Been eating at the Scottish restaurant again?
No wonder there are so many boys about with boobs.
You can get kangaroo meat at Sprout's supermarkets. It apparently appeals to dieters because it's low in cholesterol, but it tastes like USDA "Good"-grade beef, the lowest grade available in supermarkets.

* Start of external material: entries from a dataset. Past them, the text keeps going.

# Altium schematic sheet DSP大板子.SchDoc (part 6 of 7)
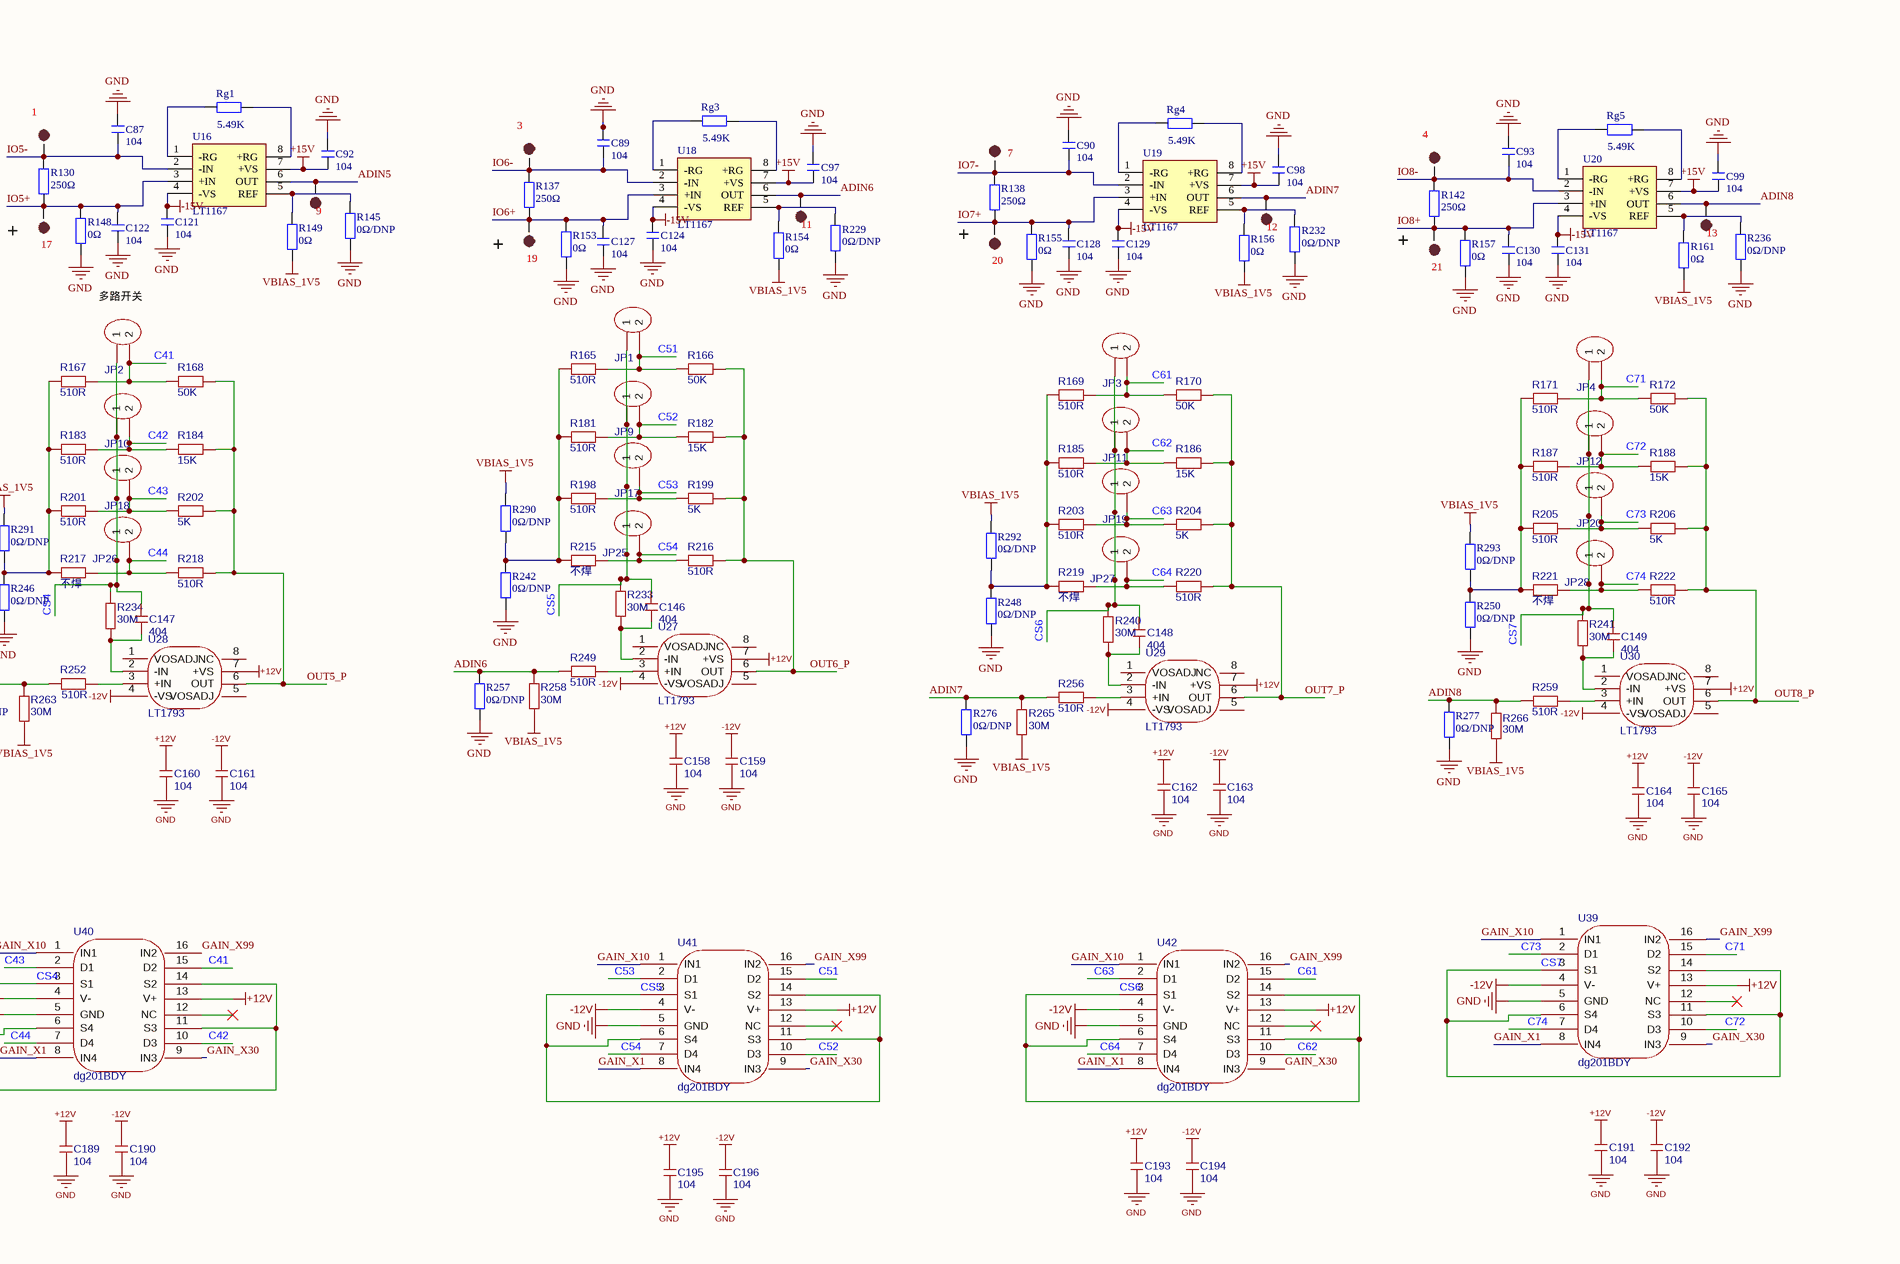
[diagram p108: DSP大板子.SchDoc, bottom right]

## Library data of the parts (continued)
R214 = R: 贴片电阻; 版权归属: 来自淘宝 ID：黄晶宝石; 封装库来自淘宝卖家 ID：黄晶宝石: 其他店铺购入均为盗版，不享受售后技术支持服务，请立即申请退款; Origin Footprint: R 0201_L; OriginFootprint 2: R 0402_L; OriginFootprint 3: R 0805_L; OriginFootprint 4: R 1206_L; OriginFootprint 5: R 1210_L; OriginFootprint 6: R 1812_L; OriginFootprint 7: R 2010_L; OriginFootprint 8: R 2512_L; OriginFootprint 9: R 0201_M; OriginFootprint 10: R 0402_M; OriginFootprint 11: R 0603_M; OriginFootprint 12: R 0805_M; OriginFootprint 13: R 1206_M; OriginFootprint 14: R 1210_M; OriginFootprint 15: R 1812_M; OriginFootprint 16: R 2010_M; OriginFootprint 17: R 2512_M; UniqueId: 6a81be30a454b297; AddInBom: yes; OriginModelName: R 0603; Device: R; BOM名称: 贴片电阻; 联系售后: https://shop463601444.taobao.com; DesignItemID: R; LibraryName: 0.1 - 电阻-电容-电感; SymbolName: R; FootprintName: R 0603_L
R215 = R: 贴片电阻; 版权归属: 来自淘宝 ID：黄晶宝石; 封装库来自淘宝卖家 ID：黄晶宝石: 其他店铺购入均为盗版，不享受售后技术支持服务，请立即申请退款; Origin Footprint: R 0201_L; OriginFootprint 2: R 0402_L; OriginFootprint 3: R 0805_L; OriginFootprint 4: R 1206_L; OriginFootprint 5: R 1210_L; OriginFootprint 6: R 1812_L; OriginFootprint 7: R 2010_L; OriginFootprint 8: R 2512_L; OriginFootprint 9: R 0201_M; OriginFootprint 10: R 0402_M; OriginFootprint 11: R 0603_M; OriginFootprint 12: R 0805_M; OriginFootprint 13: R 1206_M; OriginFootprint 14: R 1210_M; OriginFootprint 15: R 1812_M; OriginFootprint 16: R 2010_M; OriginFootprint 17: R 2512_M; UniqueId: 50053c9146ba4240; AddInBom: yes; OriginModelName: R 0603; Device: R; BOM名称: 贴片电阻; 联系售后: https://shop463601444.taobao.com; DesignItemID: R; LibraryName: 0.1 - 电阻-电容-电感; SymbolName: R; FootprintName: R 0603_L
R216 = R: 贴片电阻; 版权归属: 来自淘宝 ID：黄晶宝石; 封装库来自淘宝卖家 ID：黄晶宝石: 其他店铺购入均为盗版，不享受售后技术支持服务，请立即申请退款; Origin Footprint: R 0201_L; OriginFootprint 2: R 0402_L; OriginFootprint 3: R 0805_L; OriginFootprint 4: R 1206_L; OriginFootprint 5: R 1210_L; OriginFootprint 6: R 1812_L; OriginFootprint 7: R 2010_L; OriginFootprint 8: R 2512_L; OriginFootprint 9: R 0201_M; OriginFootprint 10: R 0402_M; OriginFootprint 11: R 0603_M; OriginFootprint 12: R 0805_M; OriginFootprint 13: R 1206_M; OriginFootprint 14: R 1210_M; OriginFootprint 15: R 1812_M; OriginFootprint 16: R 2010_M; OriginFootprint 17: R 2512_M; UniqueId: 55d3b7675eee0b5f; AddInBom: yes; OriginModelName: R 0603; Device: R; BOM名称: 贴片电阻; 联系售后: https://shop463601444.taobao.com; DesignItemID: R; LibraryName: 0.1 - 电阻-电容-电感; SymbolName: R; FootprintName: R 0603_L
R217 = R: 贴片电阻; 版权归属: 来自淘宝 ID：黄晶宝石; 封装库来自淘宝卖家 ID：黄晶宝石: 其他店铺购入均为盗版，不享受售后技术支持服务，请立即申请退款; Origin Footprint: R 0201_L; OriginFootprint 2: R 0402_L; OriginFootprint 3: R 0805_L; OriginFootprint 4: R 1206_L; OriginFootprint 5: R 1210_L; OriginFootprint 6: R 1812_L; OriginFootprint 7: R 2010_L; OriginFootprint 8: R 2512_L; OriginFootprint 9: R 0201_M; OriginFootprint 10: R 0402_M; OriginFootprint 11: R 0603_M; OriginFootprint 12: R 0805_M; OriginFootprint 13: R 1206_M; OriginFootprint 14: R 1210_M; OriginFootprint 15: R 1812_M; OriginFootprint 16: R 2010_M; OriginFootprint 17: R 2512_M; UniqueId: 356270ea20700a9c; AddInBom: yes; OriginModelName: R 0603; Device: R; BOM名称: 贴片电阻; 联系售后: https://shop463601444.taobao.com; DesignItemID: R; LibraryName: 0.1 - 电阻-电容-电感; SymbolName: R; FootprintName: R 0603_L
R218 = R: 贴片电阻; 版权归属: 来自淘宝 ID：黄晶宝石; 封装库来自淘宝卖家 ID：黄晶宝石: 其他店铺购入均为盗版，不享受售后技术支持服务，请立即申请退款; Origin Footprint: R 0201_L; OriginFootprint 2: R 0402_L; OriginFootprint 3: R 0805_L; OriginFootprint 4: R 1206_L; OriginFootprint 5: R 1210_L; OriginFootprint 6: R 1812_L; OriginFootprint 7: R 2010_L; OriginFootprint 8: R 2512_L; OriginFootprint 9: R 0201_M; OriginFootprint 10: R 0402_M; OriginFootprint 11: R 0603_M; OriginFootprint 12: R 0805_M; OriginFootprint 13: R 1206_M; OriginFootprint 14: R 1210_M; OriginFootprint 15: R 1812_M; OriginFootprint 16: R 2010_M; OriginFootprint 17: R 2512_M; UniqueId: 0bc07fc535f36e79; AddInBom: yes; OriginModelName: R 0603; Device: R; BOM名称: 贴片电阻; 联系售后: https://shop463601444.taobao.com; DesignItemID: R; LibraryName: 0.1 - 电阻-电容-电感; SymbolName: R; FootprintName: R 0603_L
R219 = R: 贴片电阻; 版权归属: 来自淘宝 ID：黄晶宝石; 封装库来自淘宝卖家 ID：黄晶宝石: 其他店铺购入均为盗版，不享受售后技术支持服务，请立即申请退款; Origin Footprint: R 0201_L; OriginFootprint 2: R 0402_L; OriginFootprint 3: R 0805_L; OriginFootprint 4: R 1206_L; OriginFootprint 5: R 1210_L; OriginFootprint 6: R 1812_L; OriginFootprint 7: R 2010_L; OriginFootprint 8: R 2512_L; OriginFootprint 9: R 0201_M; OriginFootprint 10: R 0402_M; OriginFootprint 11: R 0603_M; OriginFootprint 12: R 0805_M; OriginFootprint 13: R 1206_M; OriginFootprint 14: R 1210_M; OriginFootprint 15: R 1812_M; OriginFootprint 16: R 2010_M; OriginFootprint 17: R 2512_M; UniqueId: 4df6a426e202bc68; AddInBom: yes; OriginModelName: R 0603; Device: R; BOM名称: 贴片电阻; 联系售后: https://shop463601444.taobao.com; DesignItemID: R; LibraryName: 0.1 - 电阻-电容-电感; SymbolName: R; FootprintName: R 0603_L
R220 = R: 贴片电阻; 版权归属: 来自淘宝 ID：黄晶宝石; 封装库来自淘宝卖家 ID：黄晶宝石: 其他店铺购入均为盗版，不享受售后技术支持服务，请立即申请退款; Origin Footprint: R 0201_L; OriginFootprint 2: R 0402_L; OriginFootprint 3: R 0805_L; OriginFootprint 4: R 1206_L; OriginFootprint 5: R 1210_L; OriginFootprint 6: R 1812_L; OriginFootprint 7: R 2010_L; OriginFootprint 8: R 2512_L; OriginFootprint 9: R 0201_M; OriginFootprint 10: R 0402_M; OriginFootprint 11: R 0603_M; OriginFootprint 12: R 0805_M; OriginFootprint 13: R 1206_M; OriginFootprint 14: R 1210_M; OriginFootprint 15: R 1812_M; OriginFootprint 16: R 2010_M; OriginFootprint 17: R 2512_M; UniqueId: b62d5738e8aadfe3; AddInBom: yes; OriginModelName: R 0603; Device: R; BOM名称: 贴片电阻; 联系售后: https://shop463601444.taobao.com; DesignItemID: R; LibraryName: 0.1 - 电阻-电容-电感; SymbolName: R; FootprintName: R 0603_L
R221 = R: 贴片电阻; 版权归属: 来自淘宝 ID：黄晶宝石; 封装库来自淘宝卖家 ID：黄晶宝石: 其他店铺购入均为盗版，不享受售后技术支持服务，请立即申请退款; Origin Footprint: R 0201_L; OriginFootprint 2: R 0402_L; OriginFootprint 3: R 0805_L; OriginFootprint 4: R 1206_L; OriginFootprint 5: R 1210_L; OriginFootprint 6: R 1812_L; OriginFootprint 7: R 2010_L; OriginFootprint 8: R 2512_L; OriginFootprint 9: R 0201_M; OriginFootprint 10: R 0402_M; OriginFootprint 11: R 0603_M; OriginFootprint 12: R 0805_M; OriginFootprint 13: R 1206_M; OriginFootprint 14: R 1210_M; OriginFootprint 15: R 1812_M; OriginFootprint 16: R 2010_M; OriginFootprint 17: R 2512_M; UniqueId: f6a722bea999a1f8; AddInBom: yes; OriginModelName: R 0603; Device: R; BOM名称: 贴片电阻; 联系售后: https://shop463601444.taobao.com; DesignItemID: R; LibraryName: 0.1 - 电阻-电容-电感; SymbolName: R; FootprintName: R 0603_L
R222 = R: 贴片电阻; 版权归属: 来自淘宝 ID：黄晶宝石; 封装库来自淘宝卖家 ID：黄晶宝石: 其他店铺购入均为盗版，不享受售后技术支持服务，请立即申请退款; Origin Footprint: R 0201_L; OriginFootprint 2: R 0402_L; OriginFootprint 3: R 0805_L; OriginFootprint 4: R 1206_L; OriginFootprint 5: R 1210_L; OriginFootprint 6: R 1812_L; OriginFootprint 7: R 2010_L; OriginFootprint 8: R 2512_L; OriginFootprint 9: R 0201_M; OriginFootprint 10: R 0402_M; OriginFootprint 11: R 0603_M; OriginFootprint 12: R 0805_M; OriginFootprint 13: R 1206_M; OriginFootprint 14: R 1210_M; OriginFootprint 15: R 1812_M; OriginFootprint 16: R 2010_M; OriginFootprint 17: R 2512_M; UniqueId: 85b67f9d76b2e874; AddInBom: yes; OriginModelName: R 0603; Device: R; BOM名称: 贴片电阻; 联系售后: https://shop463601444.taobao.com; DesignItemID: R; LibraryName: 0.1 - 电阻-电容-电感; SymbolName: R; FootprintName: R 0603_L
R223 = R: 贴片电阻; 版权归属: 来自淘宝 ID：黄晶宝石; 封装库来自淘宝卖家 ID：黄晶宝石: 其他店铺购入均为盗版，不享受售后技术支持服务，请立即申请退款; Origin Footprint: R 0201_L; OriginFootprint 2: R 0402_L; OriginFootprint 3: R 0805_L; OriginFootprint 4: R 1206_L; OriginFootprint 5: R 1210_L; OriginFootprint 6: R 1812_L; OriginFootprint 7: R 2010_L; OriginFootprint 8: R 2512_L; OriginFootprint 9: R 0201_M; OriginFootprint 10: R 0402_M; OriginFootprint 11: R 0603_M; OriginFootprint 12: R 0805_M; OriginFootprint 13: R 1206_M; OriginFootprint 14: R 1210_M; OriginFootprint 15: R 1812_M; OriginFootprint 16: R 2010_M; OriginFootprint 17: R 2512_M; UniqueId: e0ee0f05e2f0b4da; AddInBom: yes; OriginModelName: R 0603; Device: R; BOM名称: 贴片电阻; 联系售后: https://shop463601444.taobao.com; DesignItemID: R; LibraryName: 0.1 - 电阻-电容-电感; SymbolName: R; FootprintName: R 0603_L
R224 = R: 贴片电阻; 版权归属: 来自淘宝 ID：黄晶宝石; 封装库来自淘宝卖家 ID：黄晶宝石: 其他店铺购入均为盗版，不享受售后技术支持服务，请立即申请退款; Origin Footprint: R 0201_L; OriginFootprint 2: R 0402_L; OriginFootprint 3: R 0805_L; OriginFootprint 4: R 1206_L; OriginFootprint 5: R 1210_L; OriginFootprint 6: R 1812_L; OriginFootprint 7: R 2010_L; OriginFootprint 8: R 2512_L; OriginFootprint 9: R 0201_M; OriginFootprint 10: R 0402_M; OriginFootprint 11: R 0603_M; OriginFootprint 12: R 0805_M; OriginFootprint 13: R 1206_M; OriginFootprint 14: R 1210_M; OriginFootprint 15: R 1812_M; OriginFootprint 16: R 2010_M; OriginFootprint 17: R 2512_M; UniqueId: 3fbbebc0b09736fe; AddInBom: yes; OriginModelName: R 0603; Device: R; BOM名称: 贴片电阻; 联系售后: https://shop463601444.taobao.com; DesignItemID: R; LibraryName: 0.1 - 电阻-电容-电感; SymbolName: R; FootprintName: R 0603_L
R225 = R: 贴片电阻; 版权归属: 来自淘宝 ID：黄晶宝石; 封装库来自淘宝卖家 ID：黄晶宝石: 其他店铺购入均为盗版，不享受售后技术支持服务，请立即申请退款; Origin Footprint: R 0201_L; OriginFootprint 2: R 0402_L; OriginFootprint 3: R 0805_L; OriginFootprint 4: R 1206_L; OriginFootprint 5: R 1210_L; OriginFootprint 6: R 1812_L; OriginFootprint 7: R 2010_L; OriginFootprint 8: R 2512_L; OriginFootprint 9: R 0201_M; OriginFootprint 10: R 0402_M; OriginFootprint 11: R 0603_M; OriginFootprint 12: R 0805_M; OriginFootprint 13: R 1206_M; OriginFootprint 14: R 1210_M; OriginFootprint 15: R 1812_M; OriginFootprint 16: R 2010_M; OriginFootprint 17: R 2512_M; UniqueId: 1ad54b734ffff27e; AddInBom: yes; OriginModelName: R 0603; Device: R; BOM名称: 贴片电阻; 联系售后: https://shop463601444.taobao.com; DesignItemID: R; LibraryName: 0.1 - 电阻-电容-电感; SymbolName: R; FootprintName: R 0603_L
R226 = R: 贴片电阻; 版权归属: 来自淘宝 ID：黄晶宝石; 封装库来自淘宝卖家 ID：黄晶宝石: 其他店铺购入均为盗版，不享受售后技术支持服务，请立即申请退款; Origin Footprint: R 0201_L; OriginFootprint 2: R 0402_L; OriginFootprint 3: R 0805_L; OriginFootprint 4: R 1206_L; OriginFootprint 5: R 1210_L; OriginFootprint 6: R 1812_L; OriginFootprint 7: R 2010_L; OriginFootprint 8: R 2512_L; OriginFootprint 9: R 0201_M; OriginFootprint 10: R 0402_M; OriginFootprint 11: R 0603_M; OriginFootprint 12: R 0805_M; OriginFootprint 13: R 1206_M; OriginFootprint 14: R 1210_M; OriginFootprint 15: R 1812_M; OriginFootprint 16: R 2010_M; OriginFootprint 17: R 2512_M; UniqueId: 1733e0132aa39ad1; AddInBom: yes; OriginModelName: R 0603; Device: R; BOM名称: 贴片电阻; 联系售后: https://shop463601444.taobao.com; DesignItemID: R; LibraryName: 0.1 - 电阻-电容-电感; SymbolName: R; FootprintName: R 0603_L
R227 = R: 贴片电阻; 版权归属: 来自淘宝 ID：黄晶宝石; 封装库来自淘宝卖家 ID：黄晶宝石: 其他店铺购入均为盗版，不享受售后技术支持服务，请立即申请退款; Origin Footprint: R 0201_L; OriginFootprint 2: R 0402_L; OriginFootprint 3: R 0805_L; OriginFootprint 4: R 1206_L; OriginFootprint 5: R 1210_L; OriginFootprint 6: R 1812_L; OriginFootprint 7: R 2010_L; OriginFootprint 8: R 2512_L; OriginFootprint 9: R 0201_M; OriginFootprint 10: R 0402_M; OriginFootprint 11: R 0603_M; OriginFootprint 12: R 0805_M; OriginFootprint 13: R 1206_M; OriginFootprint 14: R 1210_M; OriginFootprint 15: R 1812_M; OriginFootprint 16: R 2010_M; OriginFootprint 17: R 2512_M; UniqueId: e174b74f1d9ac547; AddInBom: yes; OriginModelName: R 0603; Device: R; BOM名称: 贴片电阻; 联系售后: https://shop463601444.taobao.com; DesignItemID: R; LibraryName: 0.1 - 电阻-电容-电感; SymbolName: R; FootprintName: R 0603_L
R228 = R: 贴片电阻; 版权归属: 来自淘宝 ID：黄晶宝石; 封装库来自淘宝卖家 ID：黄晶宝石: 其他店铺购入均为盗版，不享受售后技术支持服务，请立即申请退款; Origin Footprint: R 0201_L; OriginFootprint 2: R 0402_L; OriginFootprint 3: R 0805_L; OriginFootprint 4: R 1206_L; OriginFootprint 5: R 1210_L; OriginFootprint 6: R 1812_L; OriginFootprint 7: R 2010_L; OriginFootprint 8: R 2512_L; OriginFootprint 9: R 0201_M; OriginFootprint 10: R 0402_M; OriginFootprint 11: R 0603_M; OriginFootprint 12: R 0805_M; OriginFootprint 13: R 1206_M; OriginFootprint 14: R 1210_M; OriginFootprint 15: R 1812_M; OriginFootprint 16: R 2010_M; OriginFootprint 17: R 2512_M; UniqueId: c6a558d5d37ead57; AddInBom: yes; OriginModelName: R 0603; Device: R; BOM名称: 贴片电阻; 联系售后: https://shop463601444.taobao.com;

... and what’s NOT in it :)
Having eaten at Subway Canada many times, i can confirm that the pseudo chicken is a rubbery and tasteless product that is full of salt. Subway knows that if you cover it with enough veggies, cheese and sauce nobody will really know the difference. What used to be a decent “steak and cheese” sandwich has already become inferior. Instead of actual slices of steak it looks like a mush “pulled beef” mess.
I can see a class action lawsuit being filed over this, which will do little for the consumer but wonders for lawyers. They’ll reach a settlement where Subway will agree to be more truthful in describing the “chicken” content, will agree to a time-limited price reduction on the chicken sandwiches, and where the class action lawyers will get millions in fees.
“theyre held together by fusion.”
Jazz Fusion?
I like the Artisan chicken, but have to add a slathering of Miracle Whip. The chicken is clearly 100% just that. No need to be leery of crusts or additions while grinding.
Q:
Why did the chicken cross the road?
A:
So, it could bathe in a bath of estrogen laced soy and other natural and artificial ingredients.
“The sandwich chain refuted the results of the DNA test in a released statement...”
Another reporter who doesn’t know the meaning of “refuted.”
Go check out your tuna.. it’s probably mostly soy. There is only one or two tunas that are non-soy. I call the soy tuna Barbie tuna because it’s just nasty fillers.